Saved data entries:
* * * * * * * * *

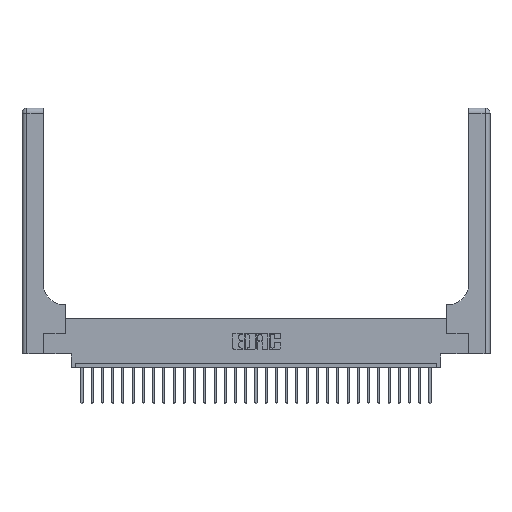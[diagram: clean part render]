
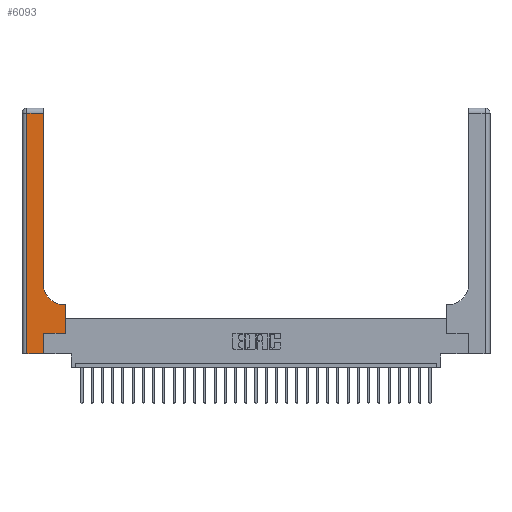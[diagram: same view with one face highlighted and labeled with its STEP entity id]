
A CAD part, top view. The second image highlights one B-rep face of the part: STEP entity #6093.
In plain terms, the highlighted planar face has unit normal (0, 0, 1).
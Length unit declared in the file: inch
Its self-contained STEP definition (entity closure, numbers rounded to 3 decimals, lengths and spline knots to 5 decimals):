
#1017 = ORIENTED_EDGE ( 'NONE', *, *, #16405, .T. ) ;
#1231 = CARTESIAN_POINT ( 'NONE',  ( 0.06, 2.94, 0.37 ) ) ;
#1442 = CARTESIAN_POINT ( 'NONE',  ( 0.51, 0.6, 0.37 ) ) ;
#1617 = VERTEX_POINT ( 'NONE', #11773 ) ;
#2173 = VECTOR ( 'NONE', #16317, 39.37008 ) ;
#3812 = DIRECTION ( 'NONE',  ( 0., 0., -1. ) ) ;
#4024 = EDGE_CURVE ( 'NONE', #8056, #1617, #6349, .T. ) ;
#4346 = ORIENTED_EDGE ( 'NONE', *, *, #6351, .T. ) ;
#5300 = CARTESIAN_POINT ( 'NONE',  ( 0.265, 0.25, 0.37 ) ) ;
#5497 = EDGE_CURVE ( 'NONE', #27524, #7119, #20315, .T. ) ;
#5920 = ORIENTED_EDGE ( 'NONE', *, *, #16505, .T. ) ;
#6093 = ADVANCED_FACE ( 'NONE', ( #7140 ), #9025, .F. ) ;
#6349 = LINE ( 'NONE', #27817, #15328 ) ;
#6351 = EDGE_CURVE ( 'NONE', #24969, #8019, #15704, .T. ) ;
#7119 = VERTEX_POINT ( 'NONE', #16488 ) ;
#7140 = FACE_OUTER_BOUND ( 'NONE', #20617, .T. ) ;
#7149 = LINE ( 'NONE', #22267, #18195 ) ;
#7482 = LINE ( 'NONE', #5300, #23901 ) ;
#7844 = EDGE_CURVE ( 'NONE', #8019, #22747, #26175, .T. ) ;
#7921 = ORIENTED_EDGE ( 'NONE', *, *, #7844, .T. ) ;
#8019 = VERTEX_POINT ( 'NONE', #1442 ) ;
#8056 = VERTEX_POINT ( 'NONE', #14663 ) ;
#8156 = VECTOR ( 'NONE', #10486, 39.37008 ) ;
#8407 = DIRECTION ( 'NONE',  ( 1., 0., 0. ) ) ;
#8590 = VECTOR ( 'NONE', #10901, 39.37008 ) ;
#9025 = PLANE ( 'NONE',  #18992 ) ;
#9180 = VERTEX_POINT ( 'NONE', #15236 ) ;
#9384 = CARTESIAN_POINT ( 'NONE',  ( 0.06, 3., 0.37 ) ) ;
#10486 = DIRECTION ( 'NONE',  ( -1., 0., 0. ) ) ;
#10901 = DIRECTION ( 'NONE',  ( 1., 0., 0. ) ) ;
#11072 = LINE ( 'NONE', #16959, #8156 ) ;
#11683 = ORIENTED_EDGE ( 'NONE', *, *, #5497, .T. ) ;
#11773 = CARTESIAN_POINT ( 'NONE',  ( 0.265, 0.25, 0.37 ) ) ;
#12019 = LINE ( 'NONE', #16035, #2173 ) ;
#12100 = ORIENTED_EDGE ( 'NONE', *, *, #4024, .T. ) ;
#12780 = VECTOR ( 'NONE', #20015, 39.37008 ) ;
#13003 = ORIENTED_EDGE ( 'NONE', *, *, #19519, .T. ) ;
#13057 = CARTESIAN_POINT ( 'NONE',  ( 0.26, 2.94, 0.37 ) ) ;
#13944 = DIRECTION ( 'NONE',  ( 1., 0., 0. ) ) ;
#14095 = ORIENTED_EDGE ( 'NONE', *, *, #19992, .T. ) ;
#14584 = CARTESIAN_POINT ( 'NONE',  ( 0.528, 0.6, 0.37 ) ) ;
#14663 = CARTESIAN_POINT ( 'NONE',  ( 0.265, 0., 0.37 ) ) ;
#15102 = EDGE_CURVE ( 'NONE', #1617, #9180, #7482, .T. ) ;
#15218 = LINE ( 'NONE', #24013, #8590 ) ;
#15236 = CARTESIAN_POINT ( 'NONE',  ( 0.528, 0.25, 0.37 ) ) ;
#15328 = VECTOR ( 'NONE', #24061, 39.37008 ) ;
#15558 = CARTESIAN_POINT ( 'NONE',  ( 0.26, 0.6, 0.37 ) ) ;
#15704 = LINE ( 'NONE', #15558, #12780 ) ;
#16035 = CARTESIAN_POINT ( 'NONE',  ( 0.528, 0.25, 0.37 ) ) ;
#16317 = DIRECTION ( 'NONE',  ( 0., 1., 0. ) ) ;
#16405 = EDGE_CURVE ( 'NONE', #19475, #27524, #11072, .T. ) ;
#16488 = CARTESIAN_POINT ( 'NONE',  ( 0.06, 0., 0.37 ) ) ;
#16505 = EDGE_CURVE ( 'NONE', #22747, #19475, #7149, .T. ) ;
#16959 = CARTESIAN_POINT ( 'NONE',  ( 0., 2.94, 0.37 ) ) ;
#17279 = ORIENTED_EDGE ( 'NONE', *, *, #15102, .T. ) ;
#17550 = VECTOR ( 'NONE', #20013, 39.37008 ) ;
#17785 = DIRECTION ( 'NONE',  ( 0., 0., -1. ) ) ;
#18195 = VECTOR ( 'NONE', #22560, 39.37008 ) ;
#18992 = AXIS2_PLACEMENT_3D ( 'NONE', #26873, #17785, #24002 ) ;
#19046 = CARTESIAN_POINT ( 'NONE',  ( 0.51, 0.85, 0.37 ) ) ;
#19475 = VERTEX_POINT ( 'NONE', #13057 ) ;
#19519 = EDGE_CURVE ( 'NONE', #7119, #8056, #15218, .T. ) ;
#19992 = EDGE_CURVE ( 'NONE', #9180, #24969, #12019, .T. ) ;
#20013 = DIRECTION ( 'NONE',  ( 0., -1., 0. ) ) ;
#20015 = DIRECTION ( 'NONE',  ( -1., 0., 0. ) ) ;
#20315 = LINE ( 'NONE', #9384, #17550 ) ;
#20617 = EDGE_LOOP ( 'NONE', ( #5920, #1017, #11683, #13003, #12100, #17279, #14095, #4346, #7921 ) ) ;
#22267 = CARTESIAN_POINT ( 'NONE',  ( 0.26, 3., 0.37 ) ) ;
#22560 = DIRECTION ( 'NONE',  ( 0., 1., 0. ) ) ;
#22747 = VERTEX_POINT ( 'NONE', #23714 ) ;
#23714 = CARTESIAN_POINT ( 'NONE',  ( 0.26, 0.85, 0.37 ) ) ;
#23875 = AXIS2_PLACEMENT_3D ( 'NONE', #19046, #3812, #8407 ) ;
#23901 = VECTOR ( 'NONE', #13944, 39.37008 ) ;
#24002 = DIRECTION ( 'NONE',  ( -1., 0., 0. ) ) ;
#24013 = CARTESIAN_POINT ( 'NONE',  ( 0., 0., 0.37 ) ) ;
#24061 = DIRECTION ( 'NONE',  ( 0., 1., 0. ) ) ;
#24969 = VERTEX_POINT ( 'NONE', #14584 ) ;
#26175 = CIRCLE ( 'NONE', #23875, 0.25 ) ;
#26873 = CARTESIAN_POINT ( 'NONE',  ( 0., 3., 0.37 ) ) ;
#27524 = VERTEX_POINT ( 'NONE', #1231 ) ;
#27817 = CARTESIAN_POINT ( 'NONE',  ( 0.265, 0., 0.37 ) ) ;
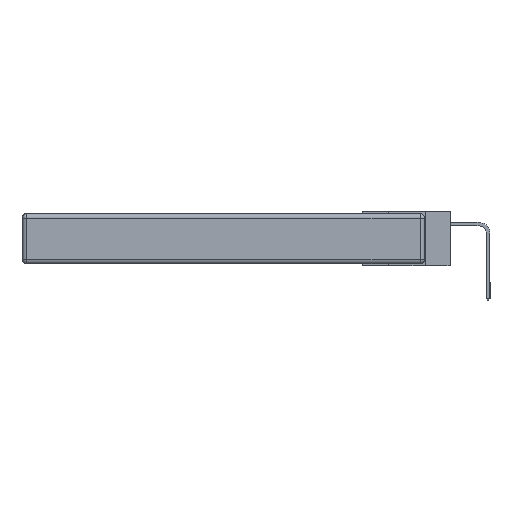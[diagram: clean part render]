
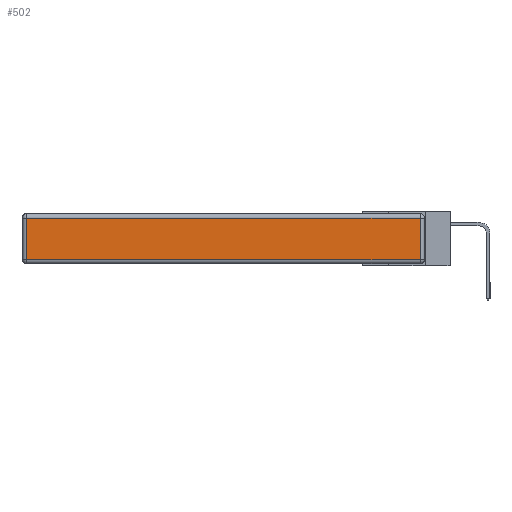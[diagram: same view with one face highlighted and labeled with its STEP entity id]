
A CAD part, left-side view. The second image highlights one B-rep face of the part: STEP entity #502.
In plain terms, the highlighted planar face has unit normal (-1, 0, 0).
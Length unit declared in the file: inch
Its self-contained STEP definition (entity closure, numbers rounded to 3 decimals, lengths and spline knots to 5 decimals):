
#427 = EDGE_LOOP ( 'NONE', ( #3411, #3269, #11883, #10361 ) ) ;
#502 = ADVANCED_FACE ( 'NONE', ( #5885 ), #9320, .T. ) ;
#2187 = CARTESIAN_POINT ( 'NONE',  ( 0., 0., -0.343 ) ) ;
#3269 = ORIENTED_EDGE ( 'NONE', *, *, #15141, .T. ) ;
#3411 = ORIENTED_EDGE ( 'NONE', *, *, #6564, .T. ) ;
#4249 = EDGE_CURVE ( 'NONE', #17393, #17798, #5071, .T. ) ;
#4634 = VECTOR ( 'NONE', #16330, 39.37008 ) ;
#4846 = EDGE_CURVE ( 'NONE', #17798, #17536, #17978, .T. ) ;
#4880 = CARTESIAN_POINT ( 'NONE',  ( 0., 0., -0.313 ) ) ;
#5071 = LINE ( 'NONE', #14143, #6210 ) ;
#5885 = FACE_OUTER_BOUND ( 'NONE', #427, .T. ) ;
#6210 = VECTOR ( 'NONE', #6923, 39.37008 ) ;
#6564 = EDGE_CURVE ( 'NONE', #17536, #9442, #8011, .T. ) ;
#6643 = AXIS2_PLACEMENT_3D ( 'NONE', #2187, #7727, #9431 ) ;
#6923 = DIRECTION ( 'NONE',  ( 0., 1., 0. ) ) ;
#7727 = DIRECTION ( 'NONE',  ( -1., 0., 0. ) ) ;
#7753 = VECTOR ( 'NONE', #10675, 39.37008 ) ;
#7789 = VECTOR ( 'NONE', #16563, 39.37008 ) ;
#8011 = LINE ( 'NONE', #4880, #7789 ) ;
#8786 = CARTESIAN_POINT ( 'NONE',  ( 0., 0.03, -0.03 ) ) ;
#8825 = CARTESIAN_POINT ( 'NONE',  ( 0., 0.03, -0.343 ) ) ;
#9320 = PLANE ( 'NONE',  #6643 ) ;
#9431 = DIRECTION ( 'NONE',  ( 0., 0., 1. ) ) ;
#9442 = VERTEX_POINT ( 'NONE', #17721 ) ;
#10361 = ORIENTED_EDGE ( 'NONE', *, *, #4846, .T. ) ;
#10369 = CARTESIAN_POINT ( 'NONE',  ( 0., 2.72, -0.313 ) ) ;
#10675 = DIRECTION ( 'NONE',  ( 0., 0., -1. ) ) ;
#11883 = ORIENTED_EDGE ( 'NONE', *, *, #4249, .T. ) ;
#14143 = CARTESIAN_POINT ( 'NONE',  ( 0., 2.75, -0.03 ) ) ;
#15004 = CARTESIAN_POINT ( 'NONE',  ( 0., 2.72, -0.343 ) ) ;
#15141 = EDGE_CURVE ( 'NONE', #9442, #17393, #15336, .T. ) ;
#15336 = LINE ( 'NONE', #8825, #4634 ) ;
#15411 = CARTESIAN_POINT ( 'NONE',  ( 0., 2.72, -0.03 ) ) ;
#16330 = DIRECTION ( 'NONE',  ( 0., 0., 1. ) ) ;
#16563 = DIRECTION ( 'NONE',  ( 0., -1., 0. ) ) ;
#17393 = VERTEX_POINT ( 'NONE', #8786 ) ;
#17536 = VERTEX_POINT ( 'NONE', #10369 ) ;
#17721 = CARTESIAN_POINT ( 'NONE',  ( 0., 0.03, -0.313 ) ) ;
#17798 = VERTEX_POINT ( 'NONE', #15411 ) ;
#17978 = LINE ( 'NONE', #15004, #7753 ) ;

* * * * * * * * *

* Instructions to follow
Lines to set down from above: the line with "#5885 = FACE_OUTER_BOUND", the line with "#15336 = LINE ( 'NONE', #8825, #4634 ) ;", and every line between, each exactly as written.

* Solution
#5885 = FACE_OUTER_BOUND ( 'NONE', #427, .T. ) ;
#6210 = VECTOR ( 'NONE', #6923, 39.37008 ) ;
#6564 = EDGE_CURVE ( 'NONE', #17536, #9442, #8011, .T. ) ;
#6643 = AXIS2_PLACEMENT_3D ( 'NONE', #2187, #7727, #9431 ) ;
#6923 = DIRECTION ( 'NONE',  ( 0., 1., 0. ) ) ;
#7727 = DIRECTION ( 'NONE',  ( -1., 0., 0. ) ) ;
#7753 = VECTOR ( 'NONE', #10675, 39.37008 ) ;
#7789 = VECTOR ( 'NONE', #16563, 39.37008 ) ;
#8011 = LINE ( 'NONE', #4880, #7789 ) ;
#8786 = CARTESIAN_POINT ( 'NONE',  ( 0., 0.03, -0.03 ) ) ;
#8825 = CARTESIAN_POINT ( 'NONE',  ( 0., 0.03, -0.343 ) ) ;
#9320 = PLANE ( 'NONE',  #6643 ) ;
#9431 = DIRECTION ( 'NONE',  ( 0., 0., 1. ) ) ;
#9442 = VERTEX_POINT ( 'NONE', #17721 ) ;
#10361 = ORIENTED_EDGE ( 'NONE', *, *, #4846, .T. ) ;
#10369 = CARTESIAN_POINT ( 'NONE',  ( 0., 2.72, -0.313 ) ) ;
#10675 = DIRECTION ( 'NONE',  ( 0., 0., -1. ) ) ;
#11883 = ORIENTED_EDGE ( 'NONE', *, *, #4249, .T. ) ;
#14143 = CARTESIAN_POINT ( 'NONE',  ( 0., 2.75, -0.03 ) ) ;
#15004 = CARTESIAN_POINT ( 'NONE',  ( 0., 2.72, -0.343 ) ) ;
#15141 = EDGE_CURVE ( 'NONE', #9442, #17393, #15336, .T. ) ;
#15336 = LINE ( 'NONE', #8825, #4634 ) ;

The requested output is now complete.